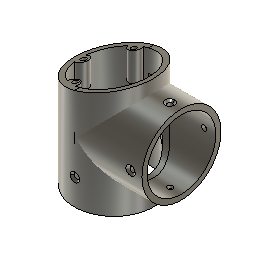
ur5_02_Nema17_Joint (Autodesk Fusion 360 design; units mm, degrees)
part number: 2025-04-09-17-27-22-625
Autodesk Fusion 360 part; units mm, degrees
sketch "Sketch1" plane through (0, 0, 0) normal (0, 0, 1) x (1, 0, 0)
  circle A0 centre (0, 0) radius 38.1
  circle A1 centre (0, 0) radius 33.1
  circle A2 centre (-31, -0.0352) radius 6
  circle A3 centre (-9.8551, -30.4447) radius 6
  circle A4 centre (-9.922, 30.4229) radius 6
  circle A5 centre (-29.55, 0) radius 2.5
  circle A6 centre (-9.1314, -28.1037) radius 2.5
  circle A7 centre (23.9064, -17.369) radius 2.5
  circle A8 centre (23.9064, 17.369) radius 2.5
  circle A9 centre (-9.1314, 28.1037) radius 2.5
  dimension "d1" = 76.2
  dimension "d2" = 5
  dimension "d20" = 12
  dimension "d52" = 5
  dimension "d53" = 1.45
  dimension "d55" = 360
  constraint coincident A0.centre A1.centre
  measures "d1" diameter of A0
  measures "d2" distance of A0 A1
  measures "d20" diameter of A2
  measures "d52" diameter of A5
  measures "d53" horizontal distance of A2.centre A5.centre
extrude "Extrude1" add sketch "Sketch1" along normal blind 117.4 from surface at 35 contours A0 | A1 A4 | A1 A3 | A1 A2 picked at (-10.757, 32.9832) picked at (-10.6845, -33.0067) picked at (-34.3621, -0.039) makes body 1
ref_plane "WorkPlane1" through (85, 0, 0) normal (1, 0, 0) x (0, 1, 0)
sketch "Sketch2" plane through (85, 0, 0) normal (1, 0, 0) x (0, 1, 0)
  circle A0 centre (0, 92.4) radius 38.1
  dimension "d6" = 76.2
  measures "d6" diameter of A0
sketch "Sketch3" plane through (85, 0, 0) normal (1, 0, 0) x (0, 1, 0)
  circle A0 centre (0, 92.4) radius 33.1
  circle A1 centre (0, 92.4) radius 38.1
  dimension "d7" = 5
  measures "d7" distance of A0 A1
extrude "Extrude2" add sketch "Sketch3" against normal blind 65 from surface at -20 separate body makes body 2
extrude "Extrude3" cut sketch "Sketch3" against normal blind 85 contours A0 bodies 1
extrude "Extrude4" cut sketch "Sketch1" along normal blind 160 contours A1 A2 A3 A4 | A1 A4 | A1 A3 | A1 A2 | A5 | A6 | A7 | A8 | A9 picked at (-6.6857, 31.3751) picked at (-6.6392, -31.3856) picked at (-32.1416, -3.3207) bodies 2
ref_plane "WorkPlane2" through (0, -90, 0) normal (0, 1, 0) x (0, 0, 1)
sketch "Sketch4" plane through (0, -90, 0) normal (0, 1, 0) x (1, 0, 0)
  line L0 (-38.1, -152.4) -> (-38.1, -122.4)
  line L1 (-38.1, -152.4) -> (38.1, -152.4)
  line L2 (38.1, -152.4) -> (38.1, -142.4)
  line L3 (38.1, -142.4) -> (-38.1, -122.4)
  dimension "d15" = 30
  dimension "d16" = 76.2
  dimension "d17" = 10
  constraint vertical L0
  constraint perpendicular L0 L1
  constraint perpendicular L1 L2
  measures "d15" distance of L0.start L0.end
  measures "d16" distance of L0.start L1.end
  measures "d17" distance of L1.end L2.end
extrude "Extrude5" cut sketch "Sketch4" along normal blind 150 bodies 1
extrude "Extrude6" add sketch "Sketch1" along normal blind 35 from surface at 102.4 contours A1 A4 | A1 A3 | A1 A2 picked at (-6.6857, 31.3751) picked at (-6.6392, -31.3856) picked at (-32.1416, -3.3207) bodies 1
sketch "Sketch5" plane through (0, -90, 0) normal (0, 1, 0) x (1, 0, 0)
  line L0 (0, -132.4) -> (-38.1, -122.4)
  line L1 (-38.1, -122.4) -> (-38.1, -145)
  line L2 (-38.1, -145) -> (0, -145)
  line L3 (0, -145) -> (0, -132.4)
  constraint vertical L1
  constraint perpendicular L1 L2
  constraint perpendicular L2 L3
extrude "Extrude7" cut sketch "Sketch5" along normal blind 170 bodies 1
sketch "Sketch9" plane through (0, 0, 0) normal (0, 1, 0) x (1, 0, 0)
  circle A0 centre (0, -60) radius 2.5
  line L0 (-38.1, -35) -> (38.1, -35)
  dimension "d56" = 5
  dimension "d57" = 25
  measures "d56" diameter of A0
  measures "d57" distance of A0.centre L0
extrude "Extrude12" cut sketch "Sketch9" along normal mid plane 120 bodies 1
sketch "Sketch10" plane through (0, 0, 0) normal (1, 0, 0) x (0, 0, -1)
  circle A0 centre (-60, 0) radius 2.5
  line L0 (-35, 38.1) -> (-35, -38.1)
  dimension "d60" = 5
  dimension "d61" = 25
  measures "d60" diameter of A0
  measures "d61" distance of A0.centre L0
extrude "Extrude13" cut sketch "Sketch10" against normal blind 60 bodies 1
chamfer "Chamfer1" distance 2 angle 45 4 edges at (2.5, -38.0179, 60) (2.5, 38.0179, 60) (-38.0179, 2.5, 60) (2.5, 38.0179, 60) on bodies 1
sketch "Sketch11" plane through (0, 0, 0) normal (0, 1, 0) x (1, 0, 0)
  line L0 (85, -130) -> (85, -55)
  circle A0 centre (54, -92.5) radius 2.5
  line L1 (65, -130) -> (65, -55)
  dimension "d65" = 5
  dimension "d74" = 11
  constraint vertical L0
  constraint vertical L1
  measures "d65" diameter of A0
  measures "d74" distance of A0.centre L1
extrude "Extrude14" cut sketch "Sketch11" along normal blind 60 bodies 2
pattern_circular "C-Pattern1" count 4 over 360 about axis through (65, 0, 92.4) along (-1, 0, 0) of "Extrude14"
chamfer "Chamfer2" distance 2 angle 45 4 edges at (54, 2.6, 54.3888) (54, -38.0112, 89.8) (54, -2.6, 130.4112) (54, 38.0112, 95) on bodies 2
equation "d74 = 15 mm - 4 mm"

▬▬▬▬▬▬

Look through the records above for the string "angle", then copy every line that has it.

chamfer "Chamfer1" distance 2 angle 45 4 edges at (2.5, -38.0179, 60) (2.5, 38.0179, 60) (-38.0179, 2.5, 60) (2.5, 38.0179, 60) on bodies 1
chamfer "Chamfer2" distance 2 angle 45 4 edges at (54, 2.6, 54.3888) (54, -38.0112, 89.8) (54, -2.6, 130.4112) (54, 38.0112, 95) on bodies 2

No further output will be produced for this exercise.